10. Active ingredient combination according to any of the preceding claims, characterized in that it is in the form of a medicament to be administered parenterally.

11. Active ingredient combination according to claim 10, characterized in that it is in the form of a medicament to be administered transdermally.

12. Use of an active ingredient combination according to any of claims 1 to 5 for pharmacological therapy of nicotine dependence.

13. Use of an active ingredient combination according to any of claims 1 to 5 for producing a pharmaceutical form for pharmacological therapy of nicotine dependence.

14. Use according to claim 12 or 13, characterized in that the pharmaceutical form is produced in the form of an oral dosage form.

15. Use according to claim 12 or 13, characterized in that the pharmaceutical form is produced in the form of a parenteral dosage form.

16. Use according to claim 15, characterized in that the pharmaceutical form is produced in the form of a transdermal dosage form.

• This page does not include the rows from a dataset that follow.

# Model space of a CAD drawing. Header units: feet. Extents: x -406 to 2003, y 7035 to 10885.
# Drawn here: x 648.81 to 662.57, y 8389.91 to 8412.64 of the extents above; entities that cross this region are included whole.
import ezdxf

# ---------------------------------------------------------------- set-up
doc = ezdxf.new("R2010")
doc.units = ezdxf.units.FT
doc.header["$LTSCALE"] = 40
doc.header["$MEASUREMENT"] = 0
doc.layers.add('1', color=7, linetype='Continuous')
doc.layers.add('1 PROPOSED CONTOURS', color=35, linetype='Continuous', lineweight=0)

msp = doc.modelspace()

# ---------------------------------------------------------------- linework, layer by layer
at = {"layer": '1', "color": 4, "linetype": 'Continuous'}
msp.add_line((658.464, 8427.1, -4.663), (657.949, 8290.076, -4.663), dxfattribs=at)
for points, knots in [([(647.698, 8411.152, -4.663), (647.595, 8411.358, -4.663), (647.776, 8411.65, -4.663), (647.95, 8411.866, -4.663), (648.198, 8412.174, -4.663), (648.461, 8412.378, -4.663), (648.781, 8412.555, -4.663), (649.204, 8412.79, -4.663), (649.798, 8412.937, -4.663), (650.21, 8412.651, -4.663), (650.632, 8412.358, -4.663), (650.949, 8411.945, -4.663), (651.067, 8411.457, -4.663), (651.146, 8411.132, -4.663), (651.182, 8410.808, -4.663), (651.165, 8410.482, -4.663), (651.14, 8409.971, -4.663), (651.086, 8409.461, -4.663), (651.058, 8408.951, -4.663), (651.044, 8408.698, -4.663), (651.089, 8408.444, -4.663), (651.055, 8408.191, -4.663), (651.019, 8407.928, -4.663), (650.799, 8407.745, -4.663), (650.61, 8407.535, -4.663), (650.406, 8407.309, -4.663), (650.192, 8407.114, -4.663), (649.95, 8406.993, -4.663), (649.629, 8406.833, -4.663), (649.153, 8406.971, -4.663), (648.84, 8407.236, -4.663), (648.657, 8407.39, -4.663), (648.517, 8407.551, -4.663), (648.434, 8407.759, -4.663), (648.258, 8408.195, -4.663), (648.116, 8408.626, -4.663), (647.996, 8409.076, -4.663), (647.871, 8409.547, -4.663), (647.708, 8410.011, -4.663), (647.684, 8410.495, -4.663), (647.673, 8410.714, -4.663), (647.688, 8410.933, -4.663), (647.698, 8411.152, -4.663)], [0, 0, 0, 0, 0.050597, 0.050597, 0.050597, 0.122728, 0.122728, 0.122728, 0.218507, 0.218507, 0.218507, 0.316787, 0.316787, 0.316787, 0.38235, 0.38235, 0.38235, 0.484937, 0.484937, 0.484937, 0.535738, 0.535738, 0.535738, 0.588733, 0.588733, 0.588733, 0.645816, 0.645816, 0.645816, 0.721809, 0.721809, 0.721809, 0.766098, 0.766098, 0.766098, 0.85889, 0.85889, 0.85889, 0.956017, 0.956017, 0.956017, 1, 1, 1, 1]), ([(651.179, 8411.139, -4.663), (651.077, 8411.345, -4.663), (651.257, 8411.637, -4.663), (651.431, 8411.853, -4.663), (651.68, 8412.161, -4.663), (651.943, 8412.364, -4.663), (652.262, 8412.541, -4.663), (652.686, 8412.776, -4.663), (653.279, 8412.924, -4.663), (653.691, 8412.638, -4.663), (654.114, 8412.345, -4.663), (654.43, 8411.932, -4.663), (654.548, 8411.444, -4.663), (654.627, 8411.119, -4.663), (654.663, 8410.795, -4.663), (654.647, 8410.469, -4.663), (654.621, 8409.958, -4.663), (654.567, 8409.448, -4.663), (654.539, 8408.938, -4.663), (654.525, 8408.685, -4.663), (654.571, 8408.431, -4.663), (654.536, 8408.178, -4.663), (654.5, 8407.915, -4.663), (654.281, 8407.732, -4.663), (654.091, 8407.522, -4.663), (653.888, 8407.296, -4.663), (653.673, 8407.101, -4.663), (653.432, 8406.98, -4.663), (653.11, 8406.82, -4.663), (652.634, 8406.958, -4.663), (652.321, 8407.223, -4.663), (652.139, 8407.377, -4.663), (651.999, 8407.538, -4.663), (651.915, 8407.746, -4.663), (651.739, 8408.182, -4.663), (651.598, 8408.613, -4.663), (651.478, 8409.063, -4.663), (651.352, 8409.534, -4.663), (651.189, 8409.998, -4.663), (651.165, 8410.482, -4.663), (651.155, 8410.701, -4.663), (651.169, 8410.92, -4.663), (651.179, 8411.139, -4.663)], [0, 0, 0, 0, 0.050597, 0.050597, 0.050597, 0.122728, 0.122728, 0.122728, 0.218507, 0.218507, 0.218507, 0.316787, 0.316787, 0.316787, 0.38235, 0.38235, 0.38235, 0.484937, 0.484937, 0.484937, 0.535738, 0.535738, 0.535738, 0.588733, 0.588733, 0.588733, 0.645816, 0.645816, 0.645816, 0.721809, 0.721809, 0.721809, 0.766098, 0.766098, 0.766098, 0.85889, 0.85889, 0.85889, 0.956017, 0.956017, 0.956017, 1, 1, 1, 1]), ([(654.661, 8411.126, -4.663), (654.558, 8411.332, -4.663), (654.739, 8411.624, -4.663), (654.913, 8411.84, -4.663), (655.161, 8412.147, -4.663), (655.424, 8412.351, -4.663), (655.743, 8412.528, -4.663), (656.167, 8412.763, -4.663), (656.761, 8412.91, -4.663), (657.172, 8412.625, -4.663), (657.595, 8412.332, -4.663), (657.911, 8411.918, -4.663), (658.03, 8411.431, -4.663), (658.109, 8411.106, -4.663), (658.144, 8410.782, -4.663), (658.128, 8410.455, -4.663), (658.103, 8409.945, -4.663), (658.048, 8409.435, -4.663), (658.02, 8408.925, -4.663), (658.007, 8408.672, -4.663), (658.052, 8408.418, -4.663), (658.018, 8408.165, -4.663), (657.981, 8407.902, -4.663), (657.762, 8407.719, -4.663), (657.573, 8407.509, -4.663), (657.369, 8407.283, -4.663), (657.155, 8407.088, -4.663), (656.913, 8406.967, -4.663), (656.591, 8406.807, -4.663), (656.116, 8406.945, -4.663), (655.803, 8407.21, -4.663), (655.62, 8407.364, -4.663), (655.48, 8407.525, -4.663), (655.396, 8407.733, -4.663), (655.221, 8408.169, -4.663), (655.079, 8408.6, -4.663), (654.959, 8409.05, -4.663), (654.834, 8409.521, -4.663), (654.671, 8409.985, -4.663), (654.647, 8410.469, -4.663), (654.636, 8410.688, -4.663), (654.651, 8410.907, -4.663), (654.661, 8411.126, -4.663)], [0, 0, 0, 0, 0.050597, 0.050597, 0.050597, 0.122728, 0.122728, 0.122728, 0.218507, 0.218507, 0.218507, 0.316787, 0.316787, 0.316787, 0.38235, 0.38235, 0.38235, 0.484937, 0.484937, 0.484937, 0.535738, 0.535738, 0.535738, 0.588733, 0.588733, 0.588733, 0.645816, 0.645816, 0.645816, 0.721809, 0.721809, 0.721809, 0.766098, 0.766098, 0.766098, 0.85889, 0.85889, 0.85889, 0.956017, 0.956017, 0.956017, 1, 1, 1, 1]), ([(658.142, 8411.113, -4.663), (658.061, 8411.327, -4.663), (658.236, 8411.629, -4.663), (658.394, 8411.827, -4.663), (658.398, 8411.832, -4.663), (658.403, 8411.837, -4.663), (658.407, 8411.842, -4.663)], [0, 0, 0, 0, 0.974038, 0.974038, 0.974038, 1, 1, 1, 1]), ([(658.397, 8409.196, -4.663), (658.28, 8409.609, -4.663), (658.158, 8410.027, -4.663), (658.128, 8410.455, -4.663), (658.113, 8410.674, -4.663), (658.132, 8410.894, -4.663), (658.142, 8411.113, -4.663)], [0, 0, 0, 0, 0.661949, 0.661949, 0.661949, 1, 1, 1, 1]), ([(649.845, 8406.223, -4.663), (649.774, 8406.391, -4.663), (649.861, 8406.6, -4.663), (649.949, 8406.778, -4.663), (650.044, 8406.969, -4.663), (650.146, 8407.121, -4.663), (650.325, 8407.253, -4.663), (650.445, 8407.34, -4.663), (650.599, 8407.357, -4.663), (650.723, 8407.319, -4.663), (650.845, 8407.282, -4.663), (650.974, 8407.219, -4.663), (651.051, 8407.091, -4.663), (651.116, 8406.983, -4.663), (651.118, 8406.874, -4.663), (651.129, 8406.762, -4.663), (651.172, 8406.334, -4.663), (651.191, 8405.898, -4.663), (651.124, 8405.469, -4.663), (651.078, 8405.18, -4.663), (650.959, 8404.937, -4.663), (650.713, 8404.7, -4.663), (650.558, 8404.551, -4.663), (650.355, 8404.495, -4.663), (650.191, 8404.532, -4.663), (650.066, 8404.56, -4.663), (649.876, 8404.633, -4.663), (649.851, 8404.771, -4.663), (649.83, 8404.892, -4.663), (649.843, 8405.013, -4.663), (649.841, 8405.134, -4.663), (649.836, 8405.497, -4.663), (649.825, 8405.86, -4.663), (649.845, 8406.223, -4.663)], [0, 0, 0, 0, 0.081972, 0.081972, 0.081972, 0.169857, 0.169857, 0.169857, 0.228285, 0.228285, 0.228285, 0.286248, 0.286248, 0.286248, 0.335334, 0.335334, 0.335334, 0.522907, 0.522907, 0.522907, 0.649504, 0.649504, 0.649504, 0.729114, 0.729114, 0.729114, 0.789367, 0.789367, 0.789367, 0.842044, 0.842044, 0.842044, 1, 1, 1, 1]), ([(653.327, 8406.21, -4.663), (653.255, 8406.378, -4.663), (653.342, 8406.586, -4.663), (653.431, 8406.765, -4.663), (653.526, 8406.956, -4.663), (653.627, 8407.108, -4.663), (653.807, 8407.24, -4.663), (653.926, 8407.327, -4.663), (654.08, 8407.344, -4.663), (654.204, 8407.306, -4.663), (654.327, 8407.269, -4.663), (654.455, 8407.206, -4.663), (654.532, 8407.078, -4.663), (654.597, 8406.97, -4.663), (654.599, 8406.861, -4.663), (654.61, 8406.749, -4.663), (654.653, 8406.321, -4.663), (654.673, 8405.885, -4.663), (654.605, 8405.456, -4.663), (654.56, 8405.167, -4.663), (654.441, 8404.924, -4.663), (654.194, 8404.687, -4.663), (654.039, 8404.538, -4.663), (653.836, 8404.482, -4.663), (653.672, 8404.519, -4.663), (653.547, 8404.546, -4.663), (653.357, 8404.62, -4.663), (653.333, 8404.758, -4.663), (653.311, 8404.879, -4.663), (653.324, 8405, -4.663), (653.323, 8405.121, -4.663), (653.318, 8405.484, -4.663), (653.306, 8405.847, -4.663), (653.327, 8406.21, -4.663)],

17. Use according to any of claims 12 to 16, characterized in that the pharmaceutical form comprises a single dose for administration of galanthamine, its pharmacologically acceptable salts, addition compounds or derivatives preferably in a range from 1 to 50 mg, or of deoxypeganine, its pharmacologically acceptable salts, addition compounds or derivatives preferably in a range from 10 to 500 mg.

18. Use according to any of claims 12 to 17, characterized in that the pharmaceutical form comprises a single dose for administration of naltrexone, its pharmacologically acceptable salts, addition compounds or derivatives preferably in a range from 1 to 200 mg, or of cyclazocine or pentazocine or their pharmacologically acceptable salts or derivatives preferably in a range from 5 to 100 mg.

19. Method for the pharmacological therapy of nicotine dependence, characterized in that an active ingredient combination according to one or more of claims 1 to 5 is administered.